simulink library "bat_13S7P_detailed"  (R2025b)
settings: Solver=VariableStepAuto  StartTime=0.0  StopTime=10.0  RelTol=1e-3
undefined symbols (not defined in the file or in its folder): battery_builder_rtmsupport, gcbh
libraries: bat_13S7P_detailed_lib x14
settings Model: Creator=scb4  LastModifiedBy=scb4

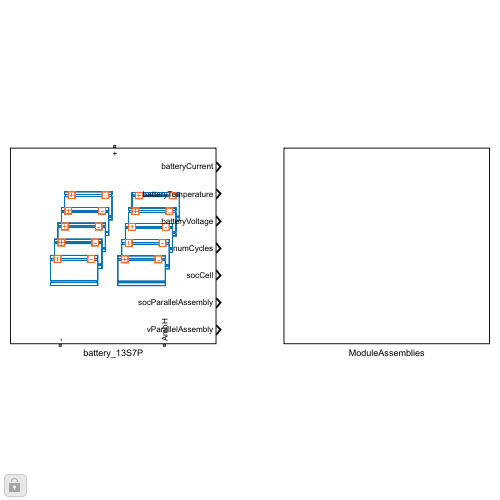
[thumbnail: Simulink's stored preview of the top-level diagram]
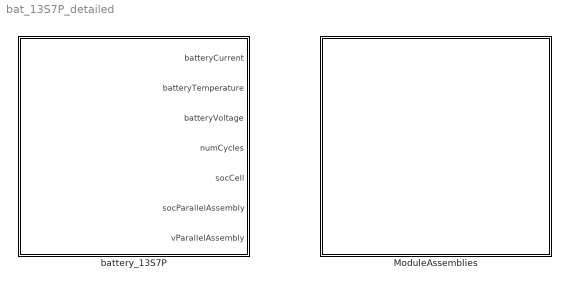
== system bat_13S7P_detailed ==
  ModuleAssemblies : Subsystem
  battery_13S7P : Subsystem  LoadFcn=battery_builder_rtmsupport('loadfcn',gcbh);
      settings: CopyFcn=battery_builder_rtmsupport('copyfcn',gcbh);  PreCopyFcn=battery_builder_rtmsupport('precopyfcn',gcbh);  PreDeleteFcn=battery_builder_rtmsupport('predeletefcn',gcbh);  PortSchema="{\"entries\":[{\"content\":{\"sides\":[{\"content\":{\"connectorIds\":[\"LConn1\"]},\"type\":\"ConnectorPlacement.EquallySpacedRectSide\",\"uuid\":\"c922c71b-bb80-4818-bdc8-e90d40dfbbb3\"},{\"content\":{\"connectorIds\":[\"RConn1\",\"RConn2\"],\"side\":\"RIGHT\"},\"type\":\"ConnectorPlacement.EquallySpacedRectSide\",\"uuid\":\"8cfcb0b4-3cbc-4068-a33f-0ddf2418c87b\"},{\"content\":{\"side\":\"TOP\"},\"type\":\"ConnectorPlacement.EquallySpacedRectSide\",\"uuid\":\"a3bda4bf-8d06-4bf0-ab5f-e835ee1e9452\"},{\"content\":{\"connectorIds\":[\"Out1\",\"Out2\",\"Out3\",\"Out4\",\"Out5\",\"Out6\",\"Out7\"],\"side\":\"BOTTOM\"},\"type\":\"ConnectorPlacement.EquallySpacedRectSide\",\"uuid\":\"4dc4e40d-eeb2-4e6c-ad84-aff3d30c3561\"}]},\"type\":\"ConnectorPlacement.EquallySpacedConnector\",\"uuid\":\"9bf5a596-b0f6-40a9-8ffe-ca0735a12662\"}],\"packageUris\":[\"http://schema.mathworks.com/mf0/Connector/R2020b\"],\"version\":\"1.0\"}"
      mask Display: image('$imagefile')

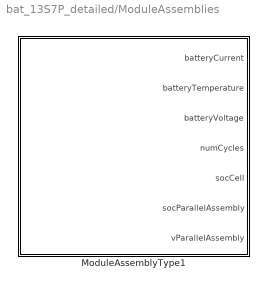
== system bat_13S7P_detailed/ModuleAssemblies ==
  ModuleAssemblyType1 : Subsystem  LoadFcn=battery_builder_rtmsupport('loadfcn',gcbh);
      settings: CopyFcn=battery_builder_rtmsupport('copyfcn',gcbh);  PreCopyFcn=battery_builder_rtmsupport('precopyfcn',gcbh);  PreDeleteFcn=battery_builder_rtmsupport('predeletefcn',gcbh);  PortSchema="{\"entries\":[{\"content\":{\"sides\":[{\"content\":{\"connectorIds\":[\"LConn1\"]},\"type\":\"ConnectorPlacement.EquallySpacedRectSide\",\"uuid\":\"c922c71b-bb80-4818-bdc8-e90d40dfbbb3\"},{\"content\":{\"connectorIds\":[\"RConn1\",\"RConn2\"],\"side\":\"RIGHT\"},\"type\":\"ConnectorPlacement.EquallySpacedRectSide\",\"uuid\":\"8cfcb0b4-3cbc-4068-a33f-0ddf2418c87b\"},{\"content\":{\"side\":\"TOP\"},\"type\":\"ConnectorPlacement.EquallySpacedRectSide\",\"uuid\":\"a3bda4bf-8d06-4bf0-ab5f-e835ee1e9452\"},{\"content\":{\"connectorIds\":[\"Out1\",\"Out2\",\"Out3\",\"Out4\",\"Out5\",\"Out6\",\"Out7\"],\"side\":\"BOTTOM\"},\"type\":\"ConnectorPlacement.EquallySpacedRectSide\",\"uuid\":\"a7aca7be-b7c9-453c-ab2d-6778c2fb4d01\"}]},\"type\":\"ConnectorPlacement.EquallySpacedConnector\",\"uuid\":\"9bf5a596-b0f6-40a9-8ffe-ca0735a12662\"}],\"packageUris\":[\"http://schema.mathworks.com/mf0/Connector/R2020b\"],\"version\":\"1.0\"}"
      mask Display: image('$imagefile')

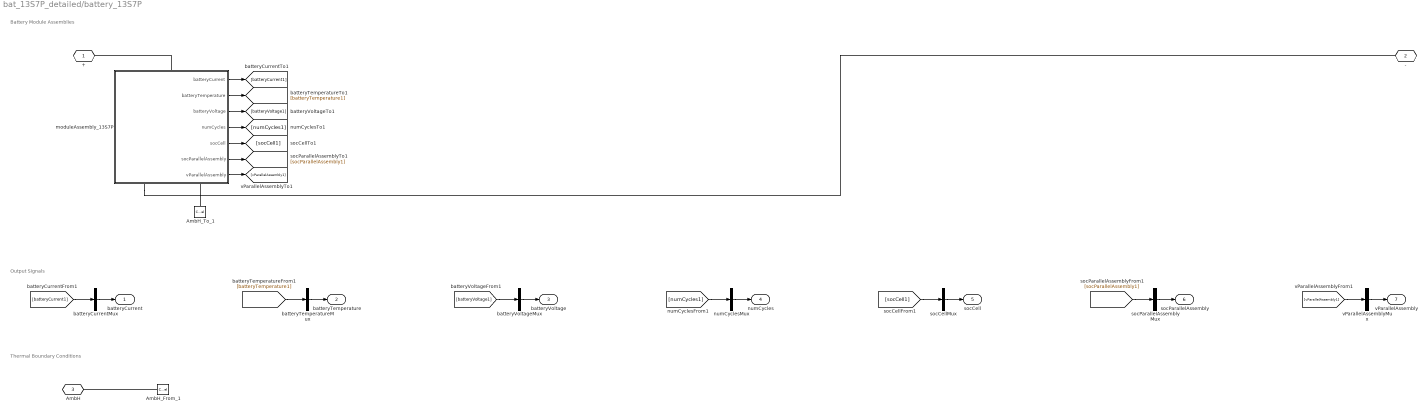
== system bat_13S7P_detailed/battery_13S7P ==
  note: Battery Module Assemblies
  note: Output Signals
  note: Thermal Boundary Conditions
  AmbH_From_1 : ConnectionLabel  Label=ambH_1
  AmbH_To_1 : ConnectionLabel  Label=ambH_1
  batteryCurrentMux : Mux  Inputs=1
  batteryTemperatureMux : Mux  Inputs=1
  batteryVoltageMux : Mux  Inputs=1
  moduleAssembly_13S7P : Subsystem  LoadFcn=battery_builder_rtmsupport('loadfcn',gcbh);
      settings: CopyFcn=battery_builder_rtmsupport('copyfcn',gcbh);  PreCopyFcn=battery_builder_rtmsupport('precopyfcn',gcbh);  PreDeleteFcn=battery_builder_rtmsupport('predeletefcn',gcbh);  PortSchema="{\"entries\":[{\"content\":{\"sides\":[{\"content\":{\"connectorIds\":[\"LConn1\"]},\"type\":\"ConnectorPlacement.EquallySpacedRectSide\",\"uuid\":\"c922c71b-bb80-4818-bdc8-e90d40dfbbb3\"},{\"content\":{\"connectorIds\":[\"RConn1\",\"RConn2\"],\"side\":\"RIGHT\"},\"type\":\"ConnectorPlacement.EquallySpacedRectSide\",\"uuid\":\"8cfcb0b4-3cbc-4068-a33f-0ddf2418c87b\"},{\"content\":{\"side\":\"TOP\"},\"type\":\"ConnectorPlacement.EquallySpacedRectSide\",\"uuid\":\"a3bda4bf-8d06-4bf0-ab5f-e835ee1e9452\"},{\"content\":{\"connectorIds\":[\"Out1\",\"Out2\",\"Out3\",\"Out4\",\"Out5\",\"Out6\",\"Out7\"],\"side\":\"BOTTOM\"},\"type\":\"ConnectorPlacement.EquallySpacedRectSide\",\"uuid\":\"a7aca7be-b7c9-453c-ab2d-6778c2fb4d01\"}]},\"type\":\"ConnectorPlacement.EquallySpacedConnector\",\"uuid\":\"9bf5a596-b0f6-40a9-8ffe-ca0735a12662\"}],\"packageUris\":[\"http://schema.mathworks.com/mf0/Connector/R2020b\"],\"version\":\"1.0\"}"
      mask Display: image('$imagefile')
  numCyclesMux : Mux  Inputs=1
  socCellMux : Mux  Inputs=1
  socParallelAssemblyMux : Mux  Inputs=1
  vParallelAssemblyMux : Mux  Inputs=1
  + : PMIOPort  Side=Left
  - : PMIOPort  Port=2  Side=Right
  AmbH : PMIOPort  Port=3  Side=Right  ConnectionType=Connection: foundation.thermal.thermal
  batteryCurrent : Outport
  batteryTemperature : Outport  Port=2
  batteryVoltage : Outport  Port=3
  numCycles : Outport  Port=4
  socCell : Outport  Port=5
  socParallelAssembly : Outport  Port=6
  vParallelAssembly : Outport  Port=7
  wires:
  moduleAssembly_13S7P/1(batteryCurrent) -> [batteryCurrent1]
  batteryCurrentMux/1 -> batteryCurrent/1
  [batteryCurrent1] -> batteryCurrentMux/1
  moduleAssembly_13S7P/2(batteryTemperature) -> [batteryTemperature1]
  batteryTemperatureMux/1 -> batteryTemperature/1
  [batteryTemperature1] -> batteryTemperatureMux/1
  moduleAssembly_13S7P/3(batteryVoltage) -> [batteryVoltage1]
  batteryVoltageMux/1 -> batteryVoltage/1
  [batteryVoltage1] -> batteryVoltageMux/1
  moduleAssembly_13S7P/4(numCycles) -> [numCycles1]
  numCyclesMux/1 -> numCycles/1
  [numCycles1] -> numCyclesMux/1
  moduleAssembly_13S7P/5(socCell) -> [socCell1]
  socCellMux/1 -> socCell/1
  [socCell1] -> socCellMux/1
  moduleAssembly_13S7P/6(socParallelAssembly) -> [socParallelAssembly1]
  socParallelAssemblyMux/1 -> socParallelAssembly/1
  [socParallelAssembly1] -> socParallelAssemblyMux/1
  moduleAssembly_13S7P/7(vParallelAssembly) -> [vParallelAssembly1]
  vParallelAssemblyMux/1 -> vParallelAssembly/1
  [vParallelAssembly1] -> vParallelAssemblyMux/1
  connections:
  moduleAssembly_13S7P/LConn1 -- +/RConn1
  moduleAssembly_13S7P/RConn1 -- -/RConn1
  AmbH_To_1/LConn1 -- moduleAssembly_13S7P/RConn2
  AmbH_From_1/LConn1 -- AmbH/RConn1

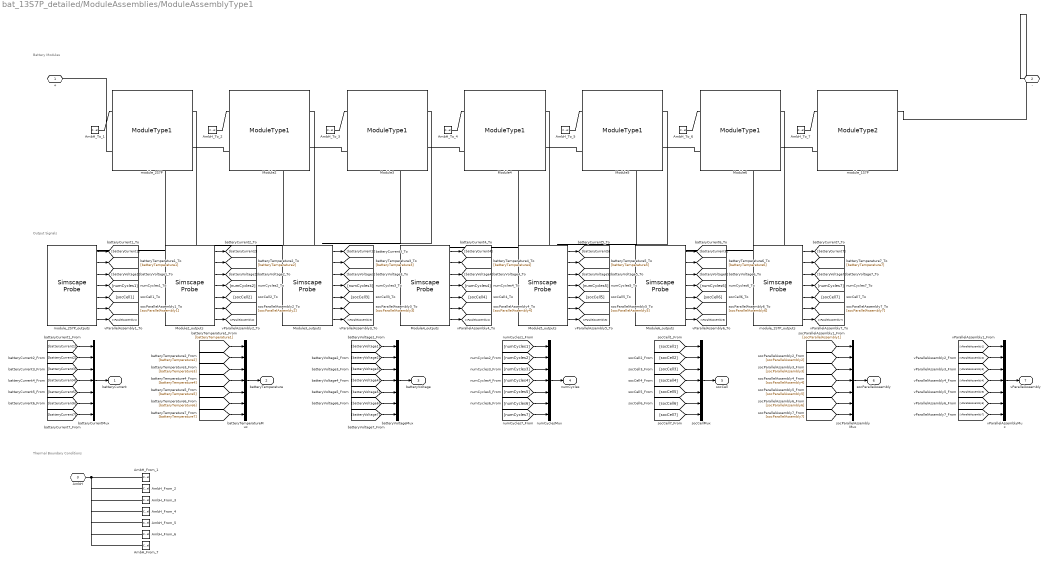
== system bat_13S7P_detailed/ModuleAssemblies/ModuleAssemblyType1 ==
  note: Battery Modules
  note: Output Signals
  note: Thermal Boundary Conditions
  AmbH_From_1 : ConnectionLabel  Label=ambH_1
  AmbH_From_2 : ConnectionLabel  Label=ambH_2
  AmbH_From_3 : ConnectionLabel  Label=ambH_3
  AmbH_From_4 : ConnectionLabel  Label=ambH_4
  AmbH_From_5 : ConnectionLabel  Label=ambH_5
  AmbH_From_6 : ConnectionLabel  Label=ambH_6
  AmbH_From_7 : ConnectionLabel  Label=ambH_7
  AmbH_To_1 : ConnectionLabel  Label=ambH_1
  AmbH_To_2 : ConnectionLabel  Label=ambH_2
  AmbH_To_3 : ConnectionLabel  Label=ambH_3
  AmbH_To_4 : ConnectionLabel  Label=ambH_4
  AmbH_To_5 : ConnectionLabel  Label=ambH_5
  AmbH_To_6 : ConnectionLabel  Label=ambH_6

TASK DETAILS: The lines to copy are those above that contain "LoadFcn".

ANSWER AREA:
  battery_13S7P : Subsystem  LoadFcn=battery_builder_rtmsupport('loadfcn',gcbh);
  ModuleAssemblyType1 : Subsystem  LoadFcn=battery_builder_rtmsupport('loadfcn',gcbh);
  moduleAssembly_13S7P : Subsystem  LoadFcn=battery_builder_rtmsupport('loadfcn',gcbh);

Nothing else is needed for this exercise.